Melbourne m`a accueilli, ni gentiment, ni méchamment ; plutôt dans l`indifférence. Un nouvel être humain composé de cellules biologiques comme tant d`autres ne lui a pas fait dérouler le tapis rouge ; la nationalité française du nouvel envahisseur l`a fait sourire puis soupirer.
Melbourne était un peu arrogante et trop souvent vénale bien qu`elle ait des formes qui nous poussent à rester un peu en sa compagnie. Au bout d`un mois et quatre lits, je l`ai quitté pour la Tasmanie qui, elle, nous est plus familière. Elle est classe, cette classe française qui manquait a Melbourne, un peu plus prude donc plus charmante. Timide mais joueuse et en fait frivole derrière une certaine hostilité apparente. Hostilité de protection qui lui évite d`être considérée comme trop « facile ». Elle m`a plu, m`a offert 11 lits – elle papillonne beaucoup – et m`a encouragé à aller voir ailleurs. La Tasmanie aime dominer, malgré sa petite taille, et arrive à persuader très facilement. Sans lui répondre, je suis retourné a Melbourne pour l`histoire de quelques jours.

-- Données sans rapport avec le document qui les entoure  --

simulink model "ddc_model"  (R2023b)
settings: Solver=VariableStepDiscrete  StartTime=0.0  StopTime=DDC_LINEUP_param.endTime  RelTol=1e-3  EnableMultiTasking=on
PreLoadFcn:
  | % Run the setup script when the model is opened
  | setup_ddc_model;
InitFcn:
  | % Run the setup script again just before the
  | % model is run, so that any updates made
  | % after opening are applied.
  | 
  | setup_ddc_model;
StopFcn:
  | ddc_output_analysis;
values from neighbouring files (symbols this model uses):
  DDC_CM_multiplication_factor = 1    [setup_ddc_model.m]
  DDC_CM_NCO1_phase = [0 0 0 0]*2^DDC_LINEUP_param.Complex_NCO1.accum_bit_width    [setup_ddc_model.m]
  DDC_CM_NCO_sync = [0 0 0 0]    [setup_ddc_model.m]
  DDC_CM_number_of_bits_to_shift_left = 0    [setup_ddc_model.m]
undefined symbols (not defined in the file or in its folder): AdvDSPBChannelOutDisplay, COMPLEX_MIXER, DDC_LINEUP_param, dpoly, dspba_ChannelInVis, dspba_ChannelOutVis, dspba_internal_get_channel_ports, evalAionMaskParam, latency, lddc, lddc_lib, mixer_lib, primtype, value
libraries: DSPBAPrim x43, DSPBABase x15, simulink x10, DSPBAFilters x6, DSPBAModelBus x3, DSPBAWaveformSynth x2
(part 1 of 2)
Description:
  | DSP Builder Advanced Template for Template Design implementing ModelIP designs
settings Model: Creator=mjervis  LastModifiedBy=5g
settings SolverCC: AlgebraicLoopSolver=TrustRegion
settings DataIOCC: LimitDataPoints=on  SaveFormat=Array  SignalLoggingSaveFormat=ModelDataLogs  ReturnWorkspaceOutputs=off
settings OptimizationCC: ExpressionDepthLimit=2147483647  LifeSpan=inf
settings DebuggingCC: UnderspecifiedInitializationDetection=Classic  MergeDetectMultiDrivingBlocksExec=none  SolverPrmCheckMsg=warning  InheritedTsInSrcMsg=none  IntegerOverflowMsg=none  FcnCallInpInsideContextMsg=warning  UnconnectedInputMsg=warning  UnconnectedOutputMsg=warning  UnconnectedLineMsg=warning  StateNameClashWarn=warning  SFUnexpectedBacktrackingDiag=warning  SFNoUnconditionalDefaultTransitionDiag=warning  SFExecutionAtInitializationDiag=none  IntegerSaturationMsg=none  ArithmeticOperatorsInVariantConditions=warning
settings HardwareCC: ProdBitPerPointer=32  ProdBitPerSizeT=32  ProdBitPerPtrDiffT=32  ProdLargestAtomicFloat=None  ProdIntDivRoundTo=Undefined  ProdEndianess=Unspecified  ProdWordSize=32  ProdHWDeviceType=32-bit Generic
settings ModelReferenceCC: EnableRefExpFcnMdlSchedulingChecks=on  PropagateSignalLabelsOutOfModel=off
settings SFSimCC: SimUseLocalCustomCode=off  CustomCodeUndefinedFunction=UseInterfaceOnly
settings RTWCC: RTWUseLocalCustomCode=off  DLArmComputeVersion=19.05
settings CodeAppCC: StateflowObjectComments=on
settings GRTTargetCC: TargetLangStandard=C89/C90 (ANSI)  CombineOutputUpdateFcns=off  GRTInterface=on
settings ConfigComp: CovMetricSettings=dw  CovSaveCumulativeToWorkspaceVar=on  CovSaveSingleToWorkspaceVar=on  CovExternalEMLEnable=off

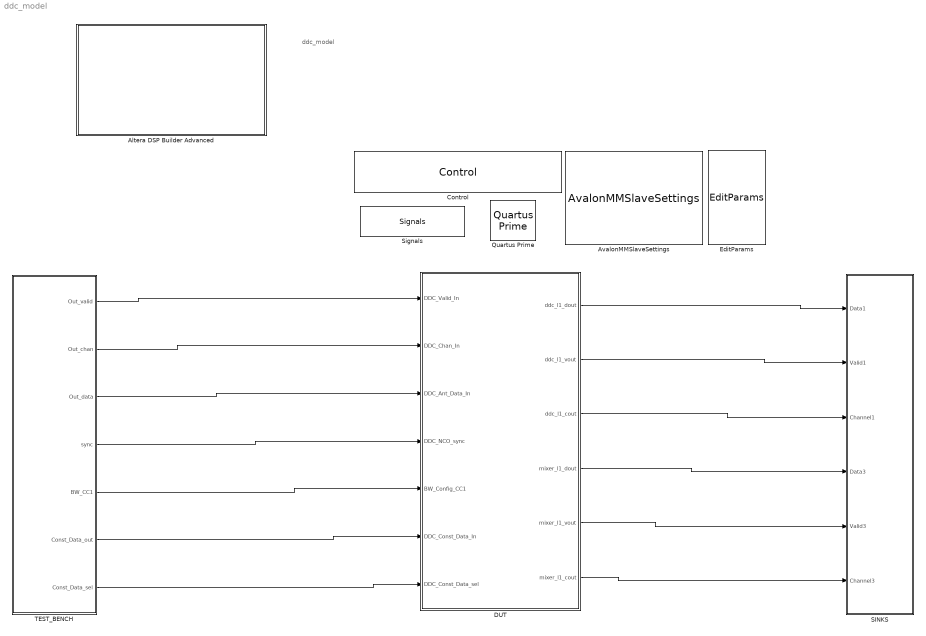
== system ddc_model ==
  note: ddc_model
  Altera DSP Builder Advanced : Subsystem  mask(DSP Builder Advanced Blockset Ignored Block){}
      settings: OpenFcn=web('http://www.altera.com', '-new');
      mask Display: image(imread('intellogo.tif'));
  AvalonMMSlaveSettings : DSPBABase/AvalonMMSlaveSettings
  Control : DSPBABase/Control  generate=on  language=VHDL  destination=./rtl  destination_gui=./rtl  make_full_path=off  path_is_relative=on  autotestbench=on  signaldepth=2  coveragetestbench=off  logs=off  spacewidth=2  spacenum=1  addrwidth=14  datawidth=32  dataendian=Big Endian  hierarchicalnames=off  ramThresholdBits=-1  distRamThresholdBits=-1  mlabThresholdBits=-1  hardMultiplierThresholdLuts=-1  version=20090407  errorOnChanMismatch=1  errorOnGPIOMismatch=0  importModelsimResults=0  cycleAccurate=off  reinterpretCastMult=off  paramFile=ddc_model_params.xml
  DUT : Subsystem
  EditParams : DSPBABase/EditParams  version=20090407
  Quartus Prime : DSPBABase/Quartus Prime  version=20090407
  SINKS : Subsystem
  Signals : DSPBABase/Signals  clk=clk  freq=240  margin=0  rst=areset  rstactive=High  bus=bus  enbusclock=off  busfreq=491.52  bussync=off  version=20090407
  TEST_BENCH : Subsystem
  wires:
  DUT/1(ddc_l1_dout) -> SINKS/1(Data1)
  DUT/2(ddc_l1_vout) -> SINKS/2(Valid1)
  DUT/3("ddc_l1_cout ") -> SINKS/3(Channel1)
  TEST_BENCH/1(Out_valid) -> DUT/1(DDC_Valid_In)
  TEST_BENCH/2(Out_chan) -> DUT/2(DDC_Chan_In)
  TEST_BENCH/3(Out_data) -> DUT/3(DDC_Ant_Data_In)
  TEST_BENCH/4(sync) -> DUT/4(DDC_NCO_sync)
  DUT/4(mixer_l1_dout) -> SINKS/4(Data3)
  DUT/5(mixer_l1_vout) -> SINKS/5(Valid3)
  DUT/6(mixer_l1_cout) -> SINKS/6(Channel3)
  TEST_BENCH/5(BW_CC1) -> DUT/5(BW_Config_CC1)
  TEST_BENCH/6(Const_Data_out) -> DUT/6(DDC_Const_Data_In)
  TEST_BENCH/7(Const_Data_sel) -> DUT/7(DDC_Const_Data_sel)

== system ddc_model/Altera DSP Builder Advanced ==

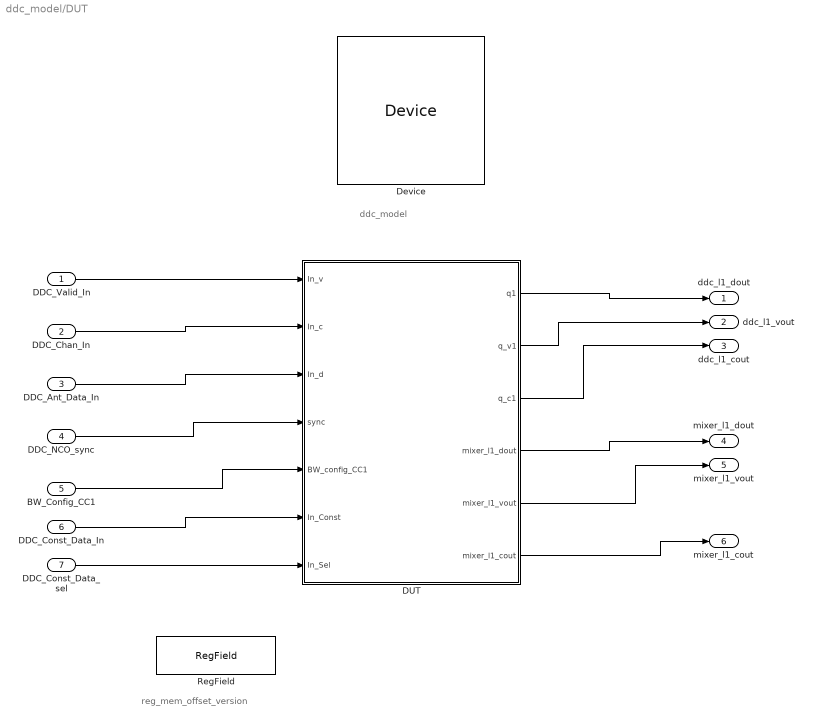
== system ddc_model/DUT ==
  note: ddc_model
  note: reg_mem_offset_version
  DDC_Valid_In : Inport
  DDC_Chan_In : Inport  Port=2
  DDC_Ant_Data_In : Inport  Port=3
  DDC_NCO_sync : Inport  Port=4
  BW_Config_CC1 : Inport  Port=5
  DDC_Const_Data_In : Inport  Port=6
  DDC_Const_Data_sel : Inport  Port=7
  DUT : Subsystem
  Device : DSPBABase/Device  family=Arria 10  deviceMember=Stratix V GX  stratix4device=Stratix IV GX  hardcopy4device=HardCopy IV E  stratix5device=Stratix V GX  device=10AS066N2F40I1SGES  speed=1  stratixSpeed=-5  stratix2Speed=-3  stratix3Speed=-3  stratix4gxSpeed=-2  stratix4gtSpeed=-1  cyclone2Speed=-6  cyclone3Speed=-7  arria2Speed=-4  cyclone4eSpeed=-8  stratix5Speed=-3  arria5Speed=-4  arriaSpeed=-6  cyclone3lsSpeed=-7  cyclone5Speed=-6  arria2gzSpeed=-3  nightFurySpeed=-2  ecp2Speed=-7  hardcopycompat=off  version=20140217  max10flashmode=off  max10nomeminit=off
  RegField : DSPBAModelBus/RegField  reg_name=DDC_LINEUP_param.reg_version.mem_offset  reg_rwmode=Read/Write  reg_msb=31  reg_lsb=0  reg_mode=Specify via dialog  reg_type=ufix(32)  reg_scale=2^0  reg_init=DDC_LINEUP_param.reg_version.Version_reg_val  reg_desc=Version_Output  reg_modal=off  reg_desc0=0  reg_desc1=0  reg_desc2=0  reg_desc3=0  reg_desc4=0  reg_desc5=0  reg_desc6=0  reg_desc7=0  reg_addr=808  SampleTime=-1  version=20090407
  ddc_l1_dout : Outport
  ddc_l1_vout : Outport  Port=2
  "ddc_l1_cout " : Outport  Port=3
  mixer_l1_dout : Outport  Port=4
  mixer_l1_vout : Outport  Port=5
  mixer_l1_cout : Outport  Port=6
  wires:
  DDC_Valid_In/1 -> DUT/1(In_v)
  DDC_Chan_In/1 -> DUT/2(In_c)
  DDC_Ant_Data_In/1 -> DUT/3(In_d)
  DUT/2(q_v1) -> ddc_l1_vout/1
  DUT/1(q1) -> ddc_l1_dout/1
  DUT/3(q_c1) -> "ddc_l1_cout "/1
  DUT/4(mixer_l1_dout) -> mixer_l1_dout/1
  DUT/5(mixer_l1_vout) -> mixer_l1_vout/1
  DUT/6(mixer_l1_cout) -> mixer_l1_cout/1
  DDC_NCO_sync/1 -> DUT/4(sync)
  BW_Config_CC1/1 -> DUT/5(BW_config_CC1)
  DDC_Const_Data_In/1 -> DUT/6(In_Const)
  DDC_Const_Data_sel/1 -> DUT/7(In_Sel)

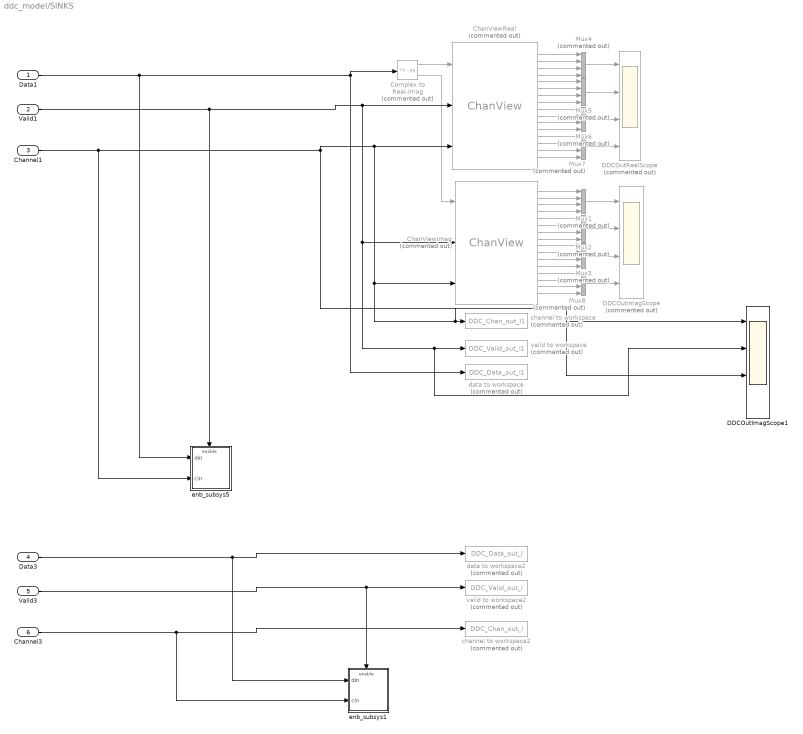
== system ddc_model/SINKS ==
  Data1 : Inport
  Valid1 : Inport  Port=2
  Channel1 : Inport  Port=3
  Data3 : Inport  Port=4
  Valid3 : Inport  Port=5
  Channel3 : Inport  Port=6
  ChanViewImag : DSPBABase/ChanView  Commented=on  nchans=16  chan_vector=[0:15]  outsvalid=off  latency=1  version=20090407
  ChanViewReal : DSPBABase/ChanView  Commented=on  nchans=16  chan_vector=[0:15]  outsvalid=off  latency=1  version=20090407
  Complex to Real-Imag : ComplexToRealImag  Commented=on
  DDCOutImagScope : Scope  Commented=on  NumInputPorts=4
  DDCOutImagScope1 : Scope  NumInputPorts=4
  DDCOutRealScope : Scope  Commented=on  NumInputPorts=4
  Mux{1..8} (8 alike) : Mux  Commented=on
  channel to workspace : ToWorkspace  Commented=on  VariableName=DDC_Chan_out_l1  SaveFormat=Timeseries  SampleTime=-1
  channel to workspace2 : ToWorkspace  Commented=on  VariableName=DDC_Chan_out_l  SaveFormat=Timeseries  SampleTime=-1
  data to workspace : ToWorkspace  Commented=on  VariableName=DDC_Data_out_l1  SaveFormat=Timeseries  SampleTime=-1
  data to workspace2 : ToWorkspace  Commented=on  VariableName=DDC_Data_out_l  SaveFormat=Timeseries  SampleTime=-1
  enb_subsys1 : Subsystem
  enb_subsys5 : Subsystem
  valid to workspace : ToWorkspace  Commented=on  VariableName=DDC_Valid_out_l1  SaveFormat=Timeseries  SampleTime=-1
  valid to workspace2 : ToWorkspace  Commented=on  VariableName=DDC_Valid_out_l  SaveFormat=Timeseries  SampleTime=-1
  wires:
  Mux7/1 -> DDCOutRealScope/4
  ChanViewReal/14 -> Mux7/2
  ChanViewReal/15 -> Mux7/3
  ChanViewReal/16 -> Mux7/4
  ChanViewReal/13 -> Mux7/1
  Mux6/1 -> DDCOutRealScope/3
  ChanViewReal/11 -> Mux6/3
  ChanViewReal/12 -> Mux6/4
  ChanViewReal/9 -> Mux6/1
  ChanViewReal/10 -> Mux6/2
  Mux5/1 -> DDCOutRealScope/2
  ChanViewReal/6 -> Mux5/2
  ChanViewReal/7 -> Mux5/3
  ChanViewReal/5 -> Mux5/1
  ChanViewReal/8 -> Mux5/4
  Mux4/1 -> DDCOutRealScope/1
  ChanViewReal/3 -> Mux4/3
  ChanViewReal/4 -> Mux4/4
  ChanViewReal/2 -> Mux4/2
  ChanViewReal/1 -> Mux4/1
  Complex to Real-Imag/2 -> ChanViewImag/1
  Complex to Real-Imag/1 -> ChanViewReal/1
  Data1/1 -> enb_subsys5/1(din), Complex to Real-Imag/1, data to workspace/1
  Channel1/1 -> enb_subsys5/2(cin), DDCOutImagScope1/1, channel to workspace/1, ChanViewImag/3, ChanViewReal/3, DDCOutImagScope1/3
  Valid1/1 -> ChanViewReal/2, DDCOutImagScope1/2, valid to workspace/1, ChanViewImag/2, enb_subsys5/Enable
  Mux8/1 -> DDCOutImagScope/4
  ChanViewImag/14 -> Mux8/2
  ChanViewImag/15 -> Mux8/3
  ChanViewImag/16 -> Mux8/4
  ChanViewImag/13 -> Mux8/1
  Mux3/1 -> DDCOutImagScope/3
  ChanViewImag/11 -> Mux3/3
  ChanViewImag/12 -> Mux3/4
  ChanViewImag/9 -> Mux3/1
  ChanViewImag/10 -> Mux3/2
  Mux2/1 -> DDCOutImagScope/2
  ChanViewImag/6 -> Mux2/2
  ChanViewImag/7 -> Mux2/3
  ChanViewImag/5 -> Mux2/1
  ChanViewImag/8 -> Mux2/4
  Mux1/1 -> DDCOutImagScope/1
  ChanViewImag/3 -> Mux1/3
  ChanViewImag/4 -> Mux1/4
  ChanViewImag/2 -> Mux1/2
  ChanViewImag/1 -> Mux1/1
  Data3/1 -> enb_subsys1/1(din), data to workspace2/1
  Channel3/1 -> enb_subsys1/2(cin), channel to workspace2/1
  Valid3/1 -> enb_subsys1/Enable, valid to workspace2/1

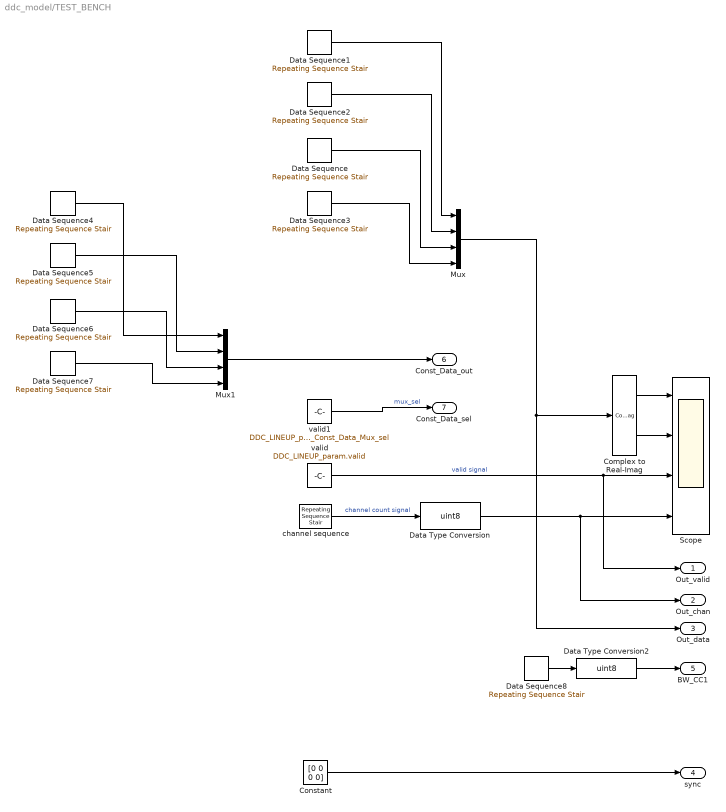
== system ddc_model/TEST_BENCH ==
  Complex to Real-Imag : ComplexToRealImag
  Constant : Constant  Value=[0 0 0 0]  OutDataTypeStr=boolean
  Data Sequence : simulink/Sources/Repeating Sequence Stair  OutValues=DDC_LINEUP_param.DDC_Ant_Data_in_3  tsamp=DDC_LINEUP_param.SampleTime  OutMin=[]  OutMax=[]  OutDataTypeStr=fixdt(1,DDC_LINEUP_param.input_word_length,DDC_LINEUP_param.input_fraction_length)  OutputDataTypeScalingMode=Specify via dialog  OutDataType=fixdt(1,DDC_LINEUP_param.input_word_length,DDC_LINEUP_param.input_fraction_length)  ConRadixGroup=Best Precision: Vector-wise  OutScaling=[]
  Data Sequence1 : simulink/Sources/Repeating Sequence Stair  OutValues=DDC_LINEUP_param.DDC_Ant_Data_in_1  tsamp=DDC_LINEUP_param.SampleTime  OutMin=[]  OutMax=[]  OutDataTypeStr=fixdt(1,DDC_LINEUP_param.input_word_length,DDC_LINEUP_param.input_fraction_length)  OutputDataTypeScalingMode=Specify via dialog  OutDataType=fixdt(1,DDC_LINEUP_param.input_word_length,DDC_LINEUP_param.input_fraction_length)  ConRadixGroup=Best Precision: Vector-wise  OutScaling=[]
  Data Sequence2 : simulink/Sources/Repeating Sequence Stair  OutValues=DDC_LINEUP_param.DDC_Ant_Data_in_2  tsamp=DDC_LINEUP_param.SampleTime  OutMin=[]  OutMax=[]  OutDataTypeStr=fixdt(1,DDC_LINEUP_param.input_word_length,DDC_LINEUP_param.input_fraction_length)  OutputDataTypeScalingMode=Specify via dialog  OutDataType=fixdt(1,DDC_LINEUP_param.input_word_length,DDC_LINEUP_param.input_fraction_length)  ConRadixGroup=Best Precision: Vector-wise  OutScaling=[]
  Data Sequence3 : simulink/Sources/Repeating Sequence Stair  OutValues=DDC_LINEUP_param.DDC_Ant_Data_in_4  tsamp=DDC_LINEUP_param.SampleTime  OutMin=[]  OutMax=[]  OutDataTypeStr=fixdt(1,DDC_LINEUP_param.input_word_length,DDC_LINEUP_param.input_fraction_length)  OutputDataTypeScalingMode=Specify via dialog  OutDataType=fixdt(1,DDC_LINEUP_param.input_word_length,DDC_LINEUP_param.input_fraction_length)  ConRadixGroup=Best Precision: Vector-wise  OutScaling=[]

Cette dernière a failli m`avoir et me séduire pour m`installer dans une routine mais la lointaine famille féminine de la « Western Australia » m`a fait de l`œil. Ne reculant devant rien et agissant comme un homme en rut, je me suis précipité sur elle, sans lois, ni morales. Cependant, la route pour la rejoindre était truffée de pièges ; elle ne me l`avait pas dit. Je suis passé par neuf lits sur 4200 km, par forcement accueillants. J`en ai bavé pour la voir et, une fois que vous la rencontrez, vous ne pouvez qu`être déçu. Elle est belle, physiquement presque parfaite. Justement, elle est peut être trop parfaite, trop comme dans l`imaginaire ; elle ne nous surprend pas ; elle correspond au fantasme. De ce fait elle vous attire. Mais la déception, l`énorme désappointement, arrive quand vous commencez une discussion avec elle. Il s`avère qu`elle est raciste, homophobe, ostentatoire. Très fermée en quelque sorte. Sous ses traits de jeunesse apparente, elle reste très vieille, surtout dans les idées. Elle dénigre la réflexion, les concepts, la philosophie, la connaissance « savante » au profit des valeurs « travail » et « patrie ». Elle écoute seulement d`une oreille et essaye de vous imposer ses idées. On peut dire qu`elle est chiante. En plus, elle aime les militaires et les muscles tatoués. Oui mais. En elle, on sent qu`il y a des sortes de renégats, de déserteurs d`elle-même qui la poussent, de temps a autres, et en certains endroits précis, a changer son comportement. Elle est quelque peu schizophrène. Et elle fait pas semblant dans la schizophrénie : Tout d`un coup, elle devient aidante, amicale, ouverte, presque militante. Ca reste rare mais quand elle change de costume, c`est un bol d`air pour un héritier de Voltaire. Elle connait des petites pépites naturelles, suffisamment mures pour vous attirer. Elle les protège comme si c`était ses filles. Chez elles, j`ai connu 15 lits, en peu de temps. Elles restent consommatrices et ne veulent pas de ta compagnie indéfiniment. Elles aiment savoir qu`elles plaisent. Et il arrive un moment ou l`on ne peut plus suivre, ou plutôt le corps ne peut plus suivre. J`ai du abandonner. Je suis retourné dans l`anonymat de Perth. Celle la, je n`en parle pas puisqu`elle est très fade. Elle ne présente pas d`intérêt intellectuel et encore moins physique. Elle se la pete un peu puisqu`autour d`elle il n`existe personne pour la remettre en cause. Il n`y a rien de pire que ces prétentieuses par défaut.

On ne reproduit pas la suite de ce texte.